Lenten Wisdom in Verse: Saturday after Ash Wednesday

We continue today with another poem and commentary from Malcolm Guite, this being his poem on the third temptation of Christ.

On the Pinnacle

Temples and spires are good for looking down from;
You stand above the world on holy heights,
Here on the pinnacle, above the maelstrom,
Among the few, the true, unearthly lights.
Here you can breathe the thin air of perfection
And feel your kinship with the lonely star,
Above the shadow and the pale reflection,
Here you can know for certain who you are.
The world is stalled below, but you could move it
If they could know you as you are up here.
Of course they’ll doubt, but here’s your chance to prove it,
Angels will bear you up, so have no fear …
I was not sent to look down from above.
It’s fear that sets these tests and proofs, not Love.

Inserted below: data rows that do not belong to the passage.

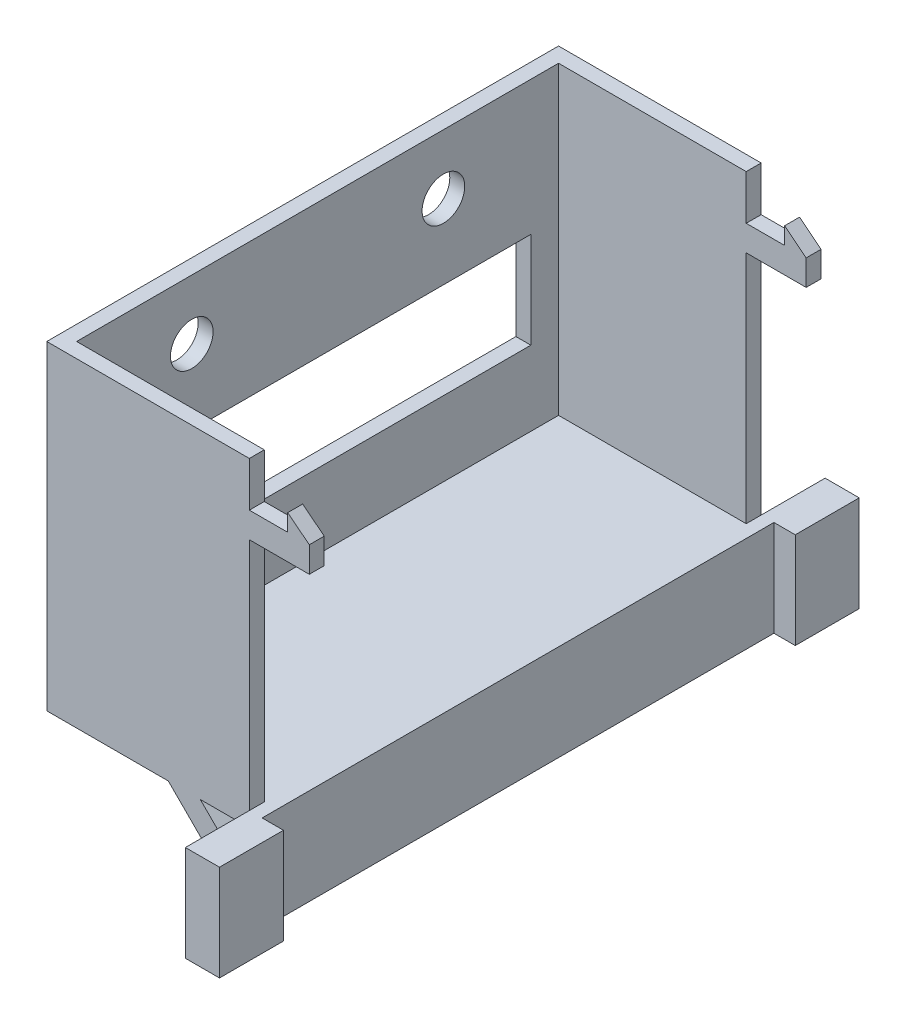
SolidWorks part; units mm, degrees
ref_plane "Front Plane" through (0, 0, 0) normal (0, 0, 1) x (1, 0, 0)
ref_plane "Top Plane" through (0, 0, 0) normal (0, 1, 0) x (1, 0, 0)
ref_plane "Right Plane" through (0, 0, 0) normal (1, 0, 0) x (0, 0, -1)
sketch "Sketch1" plane through (0, 0, 0) normal (1, 0, 0) x (0, 0, -1)
  line L0 (0, 0) -> (0, -11.43)
  line L1 (0, 0) -> (76.2, 0)
  line L5 (0, -11.43) -> (76.2, -11.43)
  line L6 (76.2, -11.43) -> (76.2, 0)
  line L7 (7.62, 0) -> (7.62, -11.43)
  line L8 (68.58, 0) -> (68.58, -11.43)
  line L9 (7.62, -1.778) -> (68.58, -1.778)
  dimension "D1" = 7.62
  dimension "D2" = 7.62
  dimension "D3" = 76.2
  dimension "D4" = 11.43
  dimension "D5" = 1.778
extrude "Boss-Extrude1" add sketch "Sketch1" along normal blind 4.064 contours L7 L1 L0 L5 | L1 L8 L5 L6 region at (0, -5.715, -3.81) region at (0, -5.715, -72.39)
extrude "Boss-Extrude2" add sketch "Sketch1<3>" along normal blind 1.524 contours L9 L7 L5 L8 | L7 L9 L8 L1 region at (0, -0.889, -38.1) region at (0, -6.604, -38.1)
sketch "Sketch1<3>" plane through (0, 0, 0) normal (1, 0, 0) x (0, 0, -1) same geometry as "Sketch1"
extrude "Boss-Extrude3" add sketch "Sketch1<6>" against normal blind 24.13 contours L7 L9 L8 L1 region at (0, -0.889, -38.1)
sketch "Sketch1<6>" plane through (0, 0, 0) normal (1, 0, 0) x (0, 0, -1) same geometry as "Sketch1"
sketch "Sketch4" plane through (0, -1.778, 0) normal (0, -1, 0) x (1, 0, 0)
  line L0 (0, -7.62) -> (-24.13, -7.62)
  line L1 (-24.13, -7.62) -> (-24.13, -68.58)
  line L2 (-24.13, -68.58) -> (0, -68.58)
  line L3 (-22.352, -66.802) -> (0, -66.802)
  line L4 (0, -66.802) -> (0, -68.58)
  line L5 (-22.352, -66.802) -> (-22.352, -9.398)
  line L6 (-22.352, -9.398) -> (0, -9.398)
  line L7 (0, -7.62) -> (0, -68.58) construction
  line L8 (0, -9.398) -> (0, -7.62)
  dimension "D1" = 1.778
  dimension "D2" = 1.778
  dimension "D3" = 1.778
extrude "Boss-Extrude4" add sketch "Sketch4" against normal blind 38.1
sketch "Sketch5" plane through (0, 0, -68.58) normal (0, 0, -1) x (-1, 0, 0)
  line L0 (0, -1.778) -> (1.778, -1.778)
  line L1 (24.13, -1.778) -> (0, -1.778) construction
  line L2 (1.778, -1.778) -> (0, -3.556)
  line L3 (0, -3.556) -> (0, -1.778)
  line L8 (5.842, -1.778) -> (9.652, -1.778)
  line L9 (9.652, -1.778) -> (0, -11.43)
  line L10 (0, -11.43) -> (0, -7.62)
  line L11 (5.842, -1.778) -> (0, -7.62)
  line L12 (24.13, -1.778) -> (0, -1.778) construction
  line M2 (0, -1.778) -> (24.13, -1.778)
extrude "Boss-Extrude7" add sketch "Sketch5<4>" against normal up to surface (60.96 mm away) contours L3 L2 M2 region at (-0.5927, -2.3707, -68.58) up to face at (-9.652, 17.6276, -7.62)
sketch "Sketch5<4>" plane through (0, 0, -68.58) normal (0, 0, -1) x (-1, 0, 0) same geometry as "Sketch5"
extrude "Boss-Extrude8" add sketch "Sketch5<5>" against normal up to surface (60.96 mm away) contours L11 L10 L9 M2 region at (-3.9516, -5.7296, -68.58) up to face at (-8.3397, 14.2452, -7.62)
sketch "Sketch5<5>" plane through (0, 0, -68.58) normal (0, 0, -1) x (-1, 0, 0) same geometry as "Sketch5"
extrude "Cut-Extrude2" cut sketch "Sketch5" against normal blind 50.8 from offset 5.08 contours L11 L10 L9 M2 region at (-3.9516, -5.7296, -68.58) offset against normal yes
sketch "Sketch6" plane through (-22.352, 0, 0) normal (1, 0, 0) x (0, 0, -1)
  line L0 (9.398, 36.322) -> (9.398, 0) construction
  line L1 (9.398, 0) -> (66.802, 0) construction
  line L2 (66.802, 0) -> (66.802, 36.322) construction
  line L3 (66.802, 36.322) -> (9.398, 36.322) construction
  line L4 (38.1, 36.322) -> (38.1, 0) construction
  line L5 (38.1, 29.21) -> (23.114, 29.21) construction
  line L6 (38.1, 29.21) -> (53.086, 29.21) construction
  line L7 (38.1, 20.32) -> (12.7, 20.32)
  line L8 (12.7, 20.32) -> (12.7, 8.89)
  line L9 (12.7, 8.89) -> (63.5, 8.89)
  line L10 (63.5, 8.89) -> (63.5, 20.32)
  line L11 (63.5, 20.32) -> (38.1, 20.32)
  circle A0 centre (23.114, 29.21) radius 2.54
  circle A1 centre (53.086, 29.21) radius 2.54
  dimension "D1" = 8.89
  dimension "D2" = 8.89
  dimension "D3" = 20.32
extrude "Cut-Extrude3" cut sketch "Sketch6" against normal through all
extrude "Boss-Extrude9" add sketch "Sketch5<12>" against normal blind 5.08 from offset 27.94 contours L11 L10 L9 M2 region at (-3.9516, -5.7296, -68.58) offset against normal yes
sketch "Sketch5<12>" plane through (0, 0, -68.58) normal (0, 0, -1) x (-1, 0, 0) same geometry as "Sketch5"
sketch "Sketch9" plane through (0, 0, -7.62) normal (0, 0, 1) x (1, 0, 0)
  line L0 (0, 27.94) -> (0, 30.988)
  line L1 (0, 36.322) -> (0, 0) construction
  line L2 (0, 0) -> (0, 27.94) construction
  line L3 (0, 30.988) -> (4.572, 30.988)
  line L4 (4.572, 30.988) -> (4.572, 33.02)
  line L5 (4.572, 33.02) -> (7.1403, 30.988)
  line L6 (7.1403, 30.988) -> (7.1403, 27.94)
  line L7 (7.1403, 27.94) -> (0, 27.94)
  dimension "D1" = 3.048
  dimension "D2" = 2.032
  dimension "D3" = 4.572
extrude "Boss-Extrude10" add sketch "Sketch9" against normal up to surface (60.96 mm away) up to face at (-6.5532, 6.2865, -68.58)
extrude "Cut-Extrude4" cut sketch "Sketch9<2>" against normal blind 57.404 from offset 1.778 offset against normal yes
sketch "Sketch9<2>" plane through (0, 0, -7.62) normal (0, 0, 1) x (1, 0, 0) same geometry as "Sketch9"
sketch "Sketch10" plane through (0, 0, -68.58) normal (0, 0, -1) x (-1, 0, 0)
  line L0 (0, 36.322) -> (24.13, 36.322) construction
  line L1 (24.13, 36.322) -> (24.13, -1.778) construction
  line L2 (24.13, -1.778) -> (0, -1.778) construction
  line L3 (0, -1.778) -> (0, 36.322) construction
  line L5 (2.54, 32.512) -> (19.05, 32.512)
  line L6 (2.54, 32.512) -> (2.54, 30.734)
  line L7 (2.54, 30.734) -> (19.05, 30.734)
  line L8 (19.05, 32.512) -> (19.05, 30.734)
  line L13 (2.54, 24.384) -> (19.05, 24.384)
  line L14 (2.54, 24.384) -> (2.54, 22.606)
  line L15 (2.54, 22.606) -> (19.05, 22.606)
  line L16 (19.05, 24.384) -> (19.05, 22.606)
  line L21 (2.54, 16.256) -> (19.05, 16.256)
  line L22 (2.54, 16.256) -> (2.54, 14.478)
  line L23 (2.54, 14.478) -> (19.05, 14.478)
  line L24 (19.05, 16.256) -> (19.05, 14.478)
  line L29 (2.54, 8.128) -> (19.05, 8.128)
  line L30 (2.54, 8.128) -> (2.54, 6.35)
  line L31 (2.54, 6.35) -> (19.05, 6.35)
  line L32 (19.05, 8.128) -> (19.05, 6.35)
  dimension "D1" = 3.81
  dimension "D2" = 6.35
  dimension "D3" = 6.35
  dimension "D4" = 6.35
  dimension "D5" = 2.54

And he took him to Jerusalem and set him on the pinnacle of the temple and said to him, ‘If you are the Son of God, throw yourself down from here, for it is written, “He will command his angels concerning you, to guard you,” and “On their hands they will bear you up, lest you strike your foot against a stone.”’ And Jesus answered him, ‘It is said, ‘You shall not put the Lord your God to the test.”’ And when the devil had ended every temptation, he departed from him until an opportune time.
(Luke 4.9-13)

If the first two temptations in the wilderness were in some sense ‘obvious’; the temptation to mere physical satisfaction of appetite, and the temptation to worldly success and power, then the third temptation is subtle and dark, all the darker for pretending to a kind of light, or enlightenment. The third temptation takes place on the ‘pinnacle of the Temple’ on the height of religious experience and achievement. What could be wrong with that? But the best things, turned bad, are the worst things of all. A ‘religious’  or  ‘spiritual’ life can be riddled with pride and a sense of distinction, judging or looking down on others , despising God’s good creation! Such a twisted religion does more damage in the world then any amount simple indulgence or gratification by sensual people.   One of G.K. Chesterton’s wonderful Father Brown’s stories. “The Hammer of God”, explores this theme with his usual combination of acuity and humour.  In the story a curate who has constantly taken to “praying, not on the common church floor with his fellow men, but on the dizzying heights of its spires” is tempted to deal justice to his sinful brother by flinging a hammer down on him from those same heights.  It is Father Brown who sees and understands the temptation and brings the curate down to earth, to a proper place of repentance.  Here’s a fragment of their dialogue before they descend:

I think there is something rather dangerous about standing on these high places even to pray,” said Father Brown. “Heights were made to be looked at, not to be looked from.”
“Do you mean that one may fall over,” asked Wilfred.
“I mean that one’s soul may fall if one’s body doesn’t,” said the other priest…
After a moment he resumed, looking tranquilly out over the plain with his pale grey eyes. “I knew a man,” he said, “who began by worshipping with others before the altar, but who grew fond of high and lonely places to pray from, corners or niches in the belfry or the spire. And once in one of those dizzy places, where the whole world seemed to turn under him like a wheel, his brain turned also, and he fancied he was God. So that, though he was a good man, he committed a great crime.”
Wilfred’s face was turned away, but his bony hands turned blue and white as they tightened on the parapet of stone.
“He thought it was given to him to judge the world and to strike down the sinner.  He would never have had such a thought if he had been kneeling with other men upon a floor.”
“I mean that one’s soul may fall if one’s body doesn’t,” said the other priest.

I was remembering something of this story when I wrote my sonnet on the third temptation, but thanks be to God that Jesus, in resisting this temptation to spiritual loftiness and display, shows his solidarity once and for all with all of us, trusting himself to our flesh and blood so that we can trust our flesh and blood to him. He does not look down on us but looks up with the humble eyes of the child of Bethlehem.